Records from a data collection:
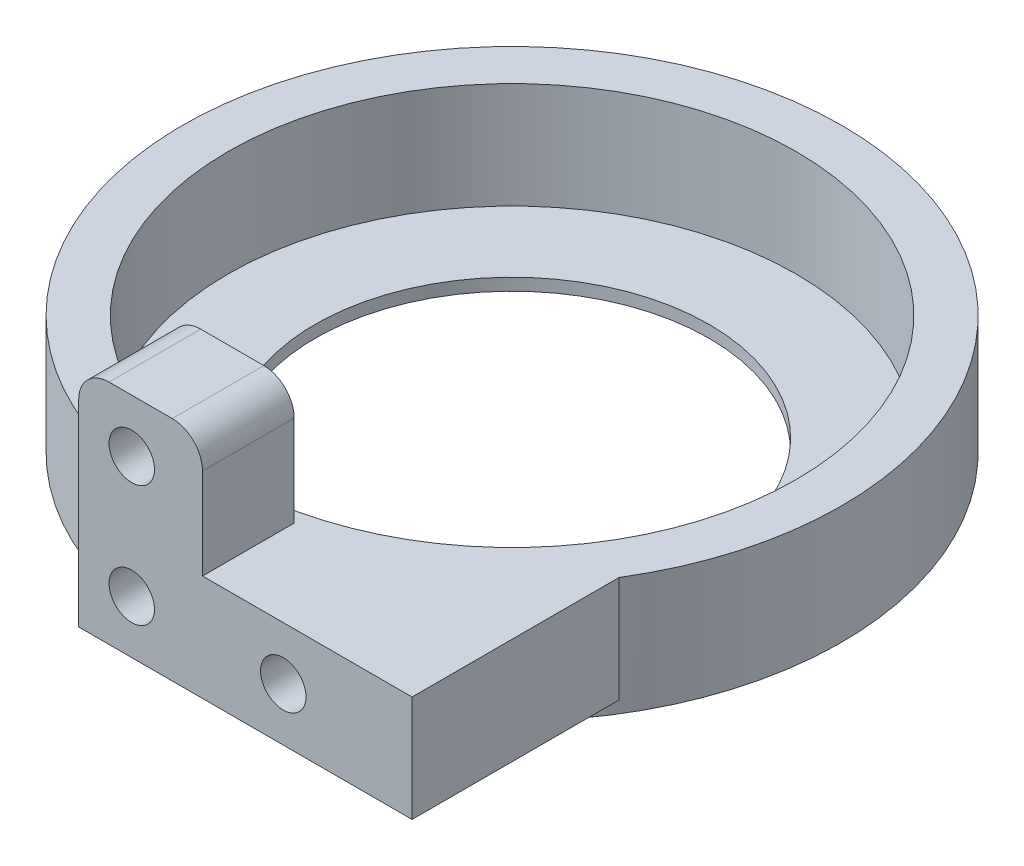
ISO-10303-21;
HEADER;
FILE_DESCRIPTION(('STEP AP214'),'2;1');
FILE_NAME('part.step','',(''),(''),'','','');
FILE_SCHEMA(('AUTOMOTIVE_DESIGN { 1 0 10303 214 1 1 1 1 }'));
ENDSEC;
DATA;
#1=APPLICATION_CONTEXT('core data for automotive mechanical design processes');
#2=APPLICATION_PROTOCOL_DEFINITION('international standard','automotive_design',2000,#1);
#3=PRODUCT_CONTEXT('',#1,'mechanical');
#4=PRODUCT('Part','Part','',(#3));
#5=PRODUCT_RELATED_PRODUCT_CATEGORY('part','',(#4));
#6=PRODUCT_DEFINITION_FORMATION('','',#4);
#7=PRODUCT_DEFINITION_CONTEXT('part definition',#1,'design');
#8=PRODUCT_DEFINITION('design','',#6,#7);
#9=PRODUCT_DEFINITION_SHAPE('','',#8);
#10=(LENGTH_UNIT() NAMED_UNIT(*) SI_UNIT(.MILLI.,.METRE.));
#11=(NAMED_UNIT(*) PLANE_ANGLE_UNIT() SI_UNIT($,.RADIAN.));
#12=(NAMED_UNIT(*) SI_UNIT($,.STERADIAN.) SOLID_ANGLE_UNIT());
#13=UNCERTAINTY_MEASURE_WITH_UNIT(LENGTH_MEASURE(1.E-05),#10,'distance_accuracy_value','');
#14=(GEOMETRIC_REPRESENTATION_CONTEXT(3) GLOBAL_UNCERTAINTY_ASSIGNED_CONTEXT((#13)) GLOBAL_UNIT_ASSIGNED_CONTEXT((#10,
#11,#12)) REPRESENTATION_CONTEXT('',''));
#15=CARTESIAN_POINT('',(0.,0.,0.));
#16=DIRECTION('',(0.,0.,1.));
#17=DIRECTION('',(1.,0.,0.));
#18=AXIS2_PLACEMENT_3D('',#15,#16,#17);
#19=CARTESIAN_POINT('',(0.,0.,0.));
#20=DIRECTION('',(0.,1.,0.));
#21=DIRECTION('',(0.,0.,1.));
#22=AXIS2_PLACEMENT_3D('',#19,#20,#21);
#23=PLANE('',#22);
#24=CARTESIAN_POINT('',(0.,0.,0.));
#25=DIRECTION('',(0.,-1.,0.));
#26=DIRECTION('',(0.,0.,-1.));
#27=AXIS2_PLACEMENT_3D('',#24,#25,#26);
#28=CIRCLE('',#27,21.75);
#29=CARTESIAN_POINT('',(18.5,0.,11.4373292336979));
#30=VERTEX_POINT('',#29);
#31=CARTESIAN_POINT('',(-3.5,0.,21.4665437367081));
#32=VERTEX_POINT('',#31);
#33=EDGE_CURVE('E193',#30,#32,#28,.T.);
#34=ORIENTED_EDGE('',*,*,#33,.F.);
#35=DIRECTION('',(0.,0.,-1.));
#36=VECTOR('',#35,1.);
#37=CARTESIAN_POINT('',(18.5,0.,25.1));
#38=LINE('',#37,#36);
#39=CARTESIAN_POINT('',(18.5,0.,25.1));
#40=VERTEX_POINT('',#39);
#41=EDGE_CURVE('E180',#40,#30,#38,.T.);
#42=ORIENTED_EDGE('',*,*,#41,.F.);
#43=DIRECTION('',(-1.,0.,0.));
#44=VECTOR('',#43,1.);
#45=CARTESIAN_POINT('',(3.5,0.,25.1));
#46=LINE('',#45,#44);
#47=CARTESIAN_POINT('',(-3.5,0.,25.1));
#48=VERTEX_POINT('',#47);
#49=EDGE_CURVE('E221',#40,#48,#46,.T.);
#50=ORIENTED_EDGE('',*,*,#49,.T.);
#51=DIRECTION('',(0.,0.,-1.));
#52=VECTOR('',#51,1.);
#53=CARTESIAN_POINT('',(-3.5,0.,25.1));
#54=LINE('',#53,#52);
#55=EDGE_CURVE('E212',#48,#32,#54,.T.);
#56=ORIENTED_EDGE('',*,*,#55,.T.);
#57=EDGE_LOOP('',(#34,#42,#50,#56));
#58=FACE_BOUND('',#57,.T.);
#59=ADVANCED_FACE('F57',(#58),#23,.F.);
#60=CARTESIAN_POINT('',(0.,7.,0.));
#61=DIRECTION('',(0.,1.,0.));
#62=DIRECTION('',(0.,0.,1.));
#63=AXIS2_PLACEMENT_3D('',#60,#61,#62);
#64=PLANE('',#63);
#65=DIRECTION('',(0.,0.,1.));
#66=VECTOR('',#65,1.);
#67=CARTESIAN_POINT('',(-3.5,7.,25.1));
#68=LINE('',#67,#66);
#69=CARTESIAN_POINT('',(-3.5,7.,19.0497576098352));
#70=VERTEX_POINT('',#69);
#71=CARTESIAN_POINT('',(-3.5,7.,21.4665437367081));
#72=VERTEX_POINT('',#71);
#73=EDGE_CURVE('E146',#70,#72,#68,.T.);
#74=ORIENTED_EDGE('',*,*,#73,.F.);
#75=DIRECTION('',(-1.,0.,0.));
#76=VECTOR('',#75,1.);
#77=CARTESIAN_POINT('',(-3.5,7.,19.0497576098352));
#78=LINE('',#77,#76);
#79=CARTESIAN_POINT('',(4.67120690078326,7.,19.0497576098352));
#80=VERTEX_POINT('',#79);
#81=EDGE_CURVE('E130',#80,#70,#78,.T.);
#82=ORIENTED_EDGE('',*,*,#81,.F.);
#83=DIRECTION('',(0.,0.,-1.));
#84=VECTOR('',#83,1.);
#85=CARTESIAN_POINT('',(4.67120690078326,7.,25.1));
#86=LINE('',#85,#84);
#87=CARTESIAN_POINT('',(4.67120690078326,7.,25.1));
#88=VERTEX_POINT('',#87);
#89=EDGE_CURVE('E143',#88,#80,#86,.T.);
#90=ORIENTED_EDGE('',*,*,#89,.F.);
#91=DIRECTION('',(-1.,0.,0.));
#92=VECTOR('',#91,1.);
#93=CARTESIAN_POINT('',(3.5,7.,25.1));
#94=LINE('',#93,#92);
#95=CARTESIAN_POINT('',(18.5,7.,25.1));
#96=VERTEX_POINT('',#95);
#97=EDGE_CURVE('E220',#96,#88,#94,.T.);
#98=ORIENTED_EDGE('',*,*,#97,.F.);
#99=DIRECTION('',(0.,0.,1.));
#100=VECTOR('',#99,1.);
#101=CARTESIAN_POINT('',(18.5,7.,25.1));
#102=LINE('',#101,#100);
#103=CARTESIAN_POINT('',(18.5,7.,11.4373292336979));
#104=VERTEX_POINT('',#103);
#105=EDGE_CURVE('E184',#104,#96,#102,.T.);
#106=ORIENTED_EDGE('',*,*,#105,.F.);
#107=CARTESIAN_POINT('',(0.,7.,0.));
#108=DIRECTION('',(0.,1.,0.));
#109=DIRECTION('',(0.,0.,1.));
#110=AXIS2_PLACEMENT_3D('',#107,#108,#109);
#111=CIRCLE('',#110,21.75);
#112=EDGE_CURVE('E217',#104,#72,#111,.T.);
#113=ORIENTED_EDGE('',*,*,#112,.T.);
#114=EDGE_LOOP('',(#74,#82,#90,#98,#106,#113));
#115=FACE_BOUND('',#114,.T.);
#116=CARTESIAN_POINT('',(0.,7.,0.));
#117=DIRECTION('',(0.,1.,0.));
#118=DIRECTION('',(0.,0.,1.));
#119=AXIS2_PLACEMENT_3D('',#116,#117,#118);
#120=CIRCLE('',#119,18.75);
#121=CARTESIAN_POINT('',(0.,7.,18.75));
#122=VERTEX_POINT('',#121);
#123=EDGE_CURVE('E208',#122,#122,#120,.T.);
#124=ORIENTED_EDGE('',*,*,#123,.F.);
#125=EDGE_LOOP('',(#124));
#126=FACE_BOUND('',#125,.T.);
#127=ADVANCED_FACE('F141',(#115,#126),#64,.T.);
#128=CARTESIAN_POINT('',(0.,7.,0.));
#129=DIRECTION('',(0.,-1.,0.));
#130=DIRECTION('',(0.,0.,-1.));
#131=AXIS2_PLACEMENT_3D('',#128,#129,#130);
#132=CYLINDRICAL_SURFACE('',#131,21.75);
#133=ORIENTED_EDGE('',*,*,#112,.F.);
#134=DIRECTION('',(0.,1.,0.));
#135=VECTOR('',#134,1.);
#136=CARTESIAN_POINT('',(18.5,0.,11.4373292336979));
#137=LINE('',#136,#135);
#138=EDGE_CURVE('E169',#30,#104,#137,.T.);
#139=ORIENTED_EDGE('',*,*,#138,.F.);
#140=ORIENTED_EDGE('',*,*,#33,.T.);
#141=DIRECTION('',(0.,-1.,0.));
#142=VECTOR('',#141,1.);
#143=CARTESIAN_POINT('',(-3.5,7.,21.4665437367081));
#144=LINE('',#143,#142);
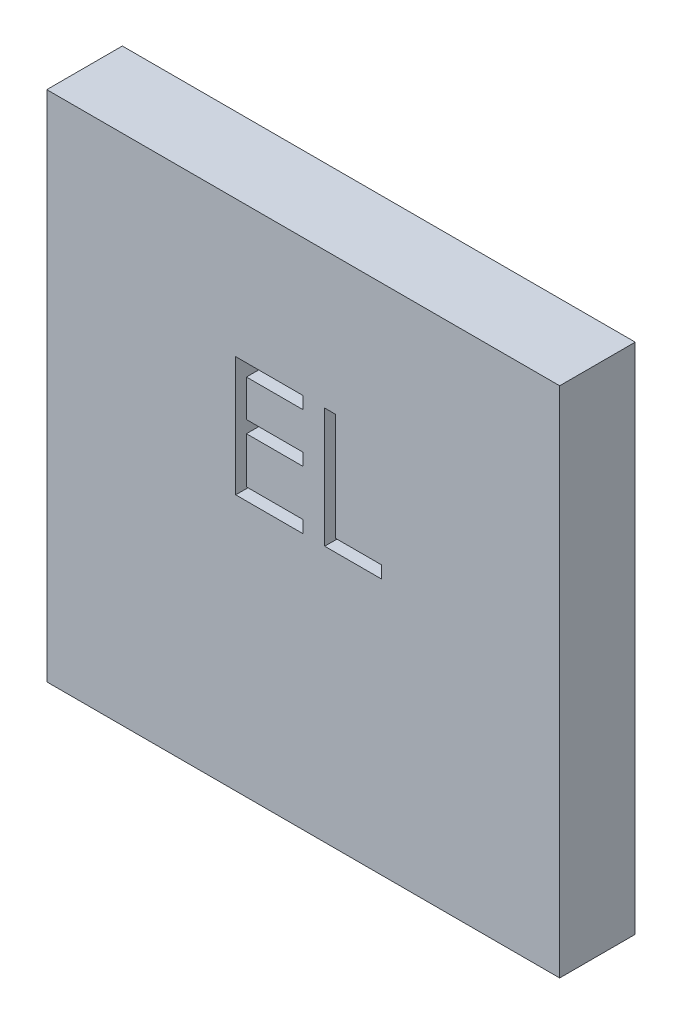
ISO-10303-21;
HEADER;
FILE_DESCRIPTION(('STEP AP214'),'2;1');
FILE_NAME('part.step','',(''),(''),'','','');
FILE_SCHEMA(('AUTOMOTIVE_DESIGN { 1 0 10303 214 1 1 1 1 }'));
ENDSEC;
DATA;
#1=APPLICATION_CONTEXT('core data for automotive mechanical design processes');
#2=APPLICATION_PROTOCOL_DEFINITION('international standard','automotive_design',2000,#1);
#3=PRODUCT_CONTEXT('',#1,'mechanical');
#4=PRODUCT('Part','Part','',(#3));
#5=PRODUCT_RELATED_PRODUCT_CATEGORY('part','',(#4));
#6=PRODUCT_DEFINITION_FORMATION('','',#4);
#7=PRODUCT_DEFINITION_CONTEXT('part definition',#1,'design');
#8=PRODUCT_DEFINITION('design','',#6,#7);
#9=PRODUCT_DEFINITION_SHAPE('','',#8);
#10=(LENGTH_UNIT() NAMED_UNIT(*) SI_UNIT(.MILLI.,.METRE.));
#11=(NAMED_UNIT(*) PLANE_ANGLE_UNIT() SI_UNIT($,.RADIAN.));
#12=(NAMED_UNIT(*) SI_UNIT($,.STERADIAN.) SOLID_ANGLE_UNIT());
#13=UNCERTAINTY_MEASURE_WITH_UNIT(LENGTH_MEASURE(1.E-05),#10,'distance_accuracy_value','');
#14=(GEOMETRIC_REPRESENTATION_CONTEXT(3) GLOBAL_UNCERTAINTY_ASSIGNED_CONTEXT((#13)) GLOBAL_UNIT_ASSIGNED_CONTEXT((#10,
#11,#12)) REPRESENTATION_CONTEXT('',''));
#15=CARTESIAN_POINT('',(0.,0.,0.));
#16=DIRECTION('',(0.,0.,1.));
#17=DIRECTION('',(1.,0.,0.));
#18=AXIS2_PLACEMENT_3D('',#15,#16,#17);
#19=CARTESIAN_POINT('',(0.,0.,2.21));
#20=DIRECTION('',(1.,0.,0.));
#21=DIRECTION('',(0.,0.,-1.));
#22=AXIS2_PLACEMENT_3D('',#19,#20,#21);
#23=PLANE('',#22);
#24=DIRECTION('',(0.,-1.,0.));
#25=VECTOR('',#24,1.);
#26=CARTESIAN_POINT('',(0.,0.,0.));
#27=LINE('',#26,#25);
#28=CARTESIAN_POINT('',(0.,15.,0.));
#29=VERTEX_POINT('',#28);
#30=CARTESIAN_POINT('',(0.,0.,0.));
#31=VERTEX_POINT('',#30);
#32=EDGE_CURVE('E307',#29,#31,#27,.T.);
#33=ORIENTED_EDGE('',*,*,#32,.T.);
#34=DIRECTION('',(0.,0.,-1.));
#35=VECTOR('',#34,1.);
#36=CARTESIAN_POINT('',(0.,0.,2.21));
#37=LINE('',#36,#35);
#38=CARTESIAN_POINT('',(0.,0.,2.21));
#39=VERTEX_POINT('',#38);
#40=EDGE_CURVE('E11',#39,#31,#37,.T.);
#41=ORIENTED_EDGE('',*,*,#40,.F.);
#42=DIRECTION('',(0.,-1.,0.));
#43=VECTOR('',#42,1.);
#44=CARTESIAN_POINT('',(0.,0.,2.21));
#45=LINE('',#44,#43);
#46=CARTESIAN_POINT('',(0.,15.,2.21));
#47=VERTEX_POINT('',#46);
#48=EDGE_CURVE('E330',#47,#39,#45,.T.);
#49=ORIENTED_EDGE('',*,*,#48,.F.);
#50=DIRECTION('',(0.,0.,-1.));
#51=VECTOR('',#50,1.);
#52=CARTESIAN_POINT('',(0.,15.,2.21));
#53=LINE('',#52,#51);
#54=EDGE_CURVE('E340',#47,#29,#53,.T.);
#55=ORIENTED_EDGE('',*,*,#54,.T.);
#56=EDGE_LOOP('',(#33,#41,#49,#55));
#57=FACE_BOUND('',#56,.T.);
#58=ADVANCED_FACE('F33',(#57),#23,.F.);
#59=CARTESIAN_POINT('',(0.,0.,2.21));
#60=DIRECTION('',(0.,1.,0.));
#61=DIRECTION('',(0.,0.,1.));
#62=AXIS2_PLACEMENT_3D('',#59,#60,#61);
#63=PLANE('',#62);
#64=DIRECTION('',(1.,0.,0.));
#65=VECTOR('',#64,1.);
#66=CARTESIAN_POINT('',(0.,0.,0.));
#67=LINE('',#66,#65);
#68=CARTESIAN_POINT('',(15.,0.,0.));
#69=VERTEX_POINT('',#68);
#70=EDGE_CURVE('E343',#31,#69,#67,.T.);
#71=ORIENTED_EDGE('',*,*,#70,.T.);
#72=DIRECTION('',(0.,0.,-1.));
#73=VECTOR('',#72,1.);
#74=CARTESIAN_POINT('',(15.,0.,2.21));
#75=LINE('',#74,#73);
#76=CARTESIAN_POINT('',(15.,0.,2.21));
#77=VERTEX_POINT('',#76);
#78=EDGE_CURVE('E40',#77,#69,#75,.T.);
#79=ORIENTED_EDGE('',*,*,#78,.F.);
#80=DIRECTION('',(1.,0.,0.));
#81=VECTOR('',#80,1.);
#82=CARTESIAN_POINT('',(0.,0.,2.21));
#83=LINE('',#82,#81);
#84=EDGE_CURVE('E333',#39,#77,#83,.T.);
#85=ORIENTED_EDGE('',*,*,#84,.F.);
#86=ORIENTED_EDGE('',*,*,#40,.T.);
#87=EDGE_LOOP('',(#71,#79,#85,#86));
#88=FACE_BOUND('',#87,.T.);
#89=ADVANCED_FACE('F372',(#88),#63,.F.);
#90=CARTESIAN_POINT('',(15.,0.,2.21));
#91=DIRECTION('',(-1.,0.,0.));
#92=DIRECTION('',(0.,0.,1.));
#93=AXIS2_PLACEMENT_3D('',#90,#91,#92);
#94=PLANE('',#93);
#95=DIRECTION('',(0.,1.,0.));
#96=VECTOR('',#95,1.);
#97=CARTESIAN_POINT('',(15.,0.,0.));
#98=LINE('',#97,#96);
#99=CARTESIAN_POINT('',(15.,15.,0.));
#100=VERTEX_POINT('',#99);
#101=EDGE_CURVE('E345',#69,#100,#98,.T.);
#102=ORIENTED_EDGE('',*,*,#101,.T.);
#103=DIRECTION('',(0.,0.,-1.));
#104=VECTOR('',#103,1.);
#105=CARTESIAN_POINT('',(15.,15.,2.21));
#106=LINE('',#105,#104);
#107=CARTESIAN_POINT('',(15.,15.,2.21));
#108=VERTEX_POINT('',#107);
#109=EDGE_CURVE('E350',#108,#100,#106,.T.);
#110=ORIENTED_EDGE('',*,*,#109,.F.);
#111=DIRECTION('',(0.,1.,0.));
#112=VECTOR('',#111,1.);
#113=CARTESIAN_POINT('',(15.,0.,2.21));
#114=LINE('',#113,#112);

Exercise directions:
Exactly as written, restate the lines above from the opening line through the one holding "#52=VECTOR('',#51,1.);", omitting the pictures.

Result of the exercise:
ISO-10303-21;
HEADER;
FILE_DESCRIPTION(('STEP AP214'),'2;1');
FILE_NAME('part.step','',(''),(''),'','','');
FILE_SCHEMA(('AUTOMOTIVE_DESIGN { 1 0 10303 214 1 1 1 1 }'));
ENDSEC;
DATA;
#1=APPLICATION_CONTEXT('core data for automotive mechanical design processes');
#2=APPLICATION_PROTOCOL_DEFINITION('international standard','automotive_design',2000,#1);
#3=PRODUCT_CONTEXT('',#1,'mechanical');
#4=PRODUCT('Part','Part','',(#3));
#5=PRODUCT_RELATED_PRODUCT_CATEGORY('part','',(#4));
#6=PRODUCT_DEFINITION_FORMATION('','',#4);
#7=PRODUCT_DEFINITION_CONTEXT('part definition',#1,'design');
#8=PRODUCT_DEFINITION('design','',#6,#7);
#9=PRODUCT_DEFINITION_SHAPE('','',#8);
#10=(LENGTH_UNIT() NAMED_UNIT(*) SI_UNIT(.MILLI.,.METRE.));
#11=(NAMED_UNIT(*) PLANE_ANGLE_UNIT() SI_UNIT($,.RADIAN.));
#12=(NAMED_UNIT(*) SI_UNIT($,.STERADIAN.) SOLID_ANGLE_UNIT());
#13=UNCERTAINTY_MEASURE_WITH_UNIT(LENGTH_MEASURE(1.E-05),#10,'distance_accuracy_value','');
#14=(GEOMETRIC_REPRESENTATION_CONTEXT(3) GLOBAL_UNCERTAINTY_ASSIGNED_CONTEXT((#13)) GLOBAL_UNIT_ASSIGNED_CONTEXT((#10,
#11,#12)) REPRESENTATION_CONTEXT('',''));
#15=CARTESIAN_POINT('',(0.,0.,0.));
#16=DIRECTION('',(0.,0.,1.));
#17=DIRECTION('',(1.,0.,0.));
#18=AXIS2_PLACEMENT_3D('',#15,#16,#17);
#19=CARTESIAN_POINT('',(0.,0.,0.));
#20=DIRECTION('',(0.,1.,0.));
#21=DIRECTION('',(0.,0.,1.));
#22=AXIS2_PLACEMENT_3D('',#19,#20,#21);
#23=PLANE('',#22);
#24=CARTESIAN_POINT('',(0.,0.,0.));
#25=DIRECTION('',(0.,-1.,0.));
#26=DIRECTION('',(0.,0.,-1.));
#27=AXIS2_PLACEMENT_3D('',#24,#25,#26);
#28=CIRCLE('',#27,21.75);
#29=CARTESIAN_POINT('',(18.5,0.,11.4373292336979));
#30=VERTEX_POINT('',#29);
#31=CARTESIAN_POINT('',(-3.5,0.,21.4665437367081));
#32=VERTEX_POINT('',#31);
#33=EDGE_CURVE('E193',#30,#32,#28,.T.);
#34=ORIENTED_EDGE('',*,*,#33,.F.);
#35=DIRECTION('',(0.,0.,-1.));
#36=VECTOR('',#35,1.);
#37=CARTESIAN_POINT('',(18.5,0.,25.1));
#38=LINE('',#37,#36);
#39=CARTESIAN_POINT('',(18.5,0.,25.1));
#40=VERTEX_POINT('',#39);
#41=EDGE_CURVE('E180',#40,#30,#38,.T.);
#42=ORIENTED_EDGE('',*,*,#41,.F.);
#43=DIRECTION('',(-1.,0.,0.));
#44=VECTOR('',#43,1.);
#45=CARTESIAN_POINT('',(3.5,0.,25.1));
#46=LINE('',#45,#44);
#47=CARTESIAN_POINT('',(-3.5,0.,25.1));
#48=VERTEX_POINT('',#47);
#49=EDGE_CURVE('E221',#40,#48,#46,.T.);
#50=ORIENTED_EDGE('',*,*,#49,.T.);
#51=DIRECTION('',(0.,0.,-1.));
#52=VECTOR('',#51,1.);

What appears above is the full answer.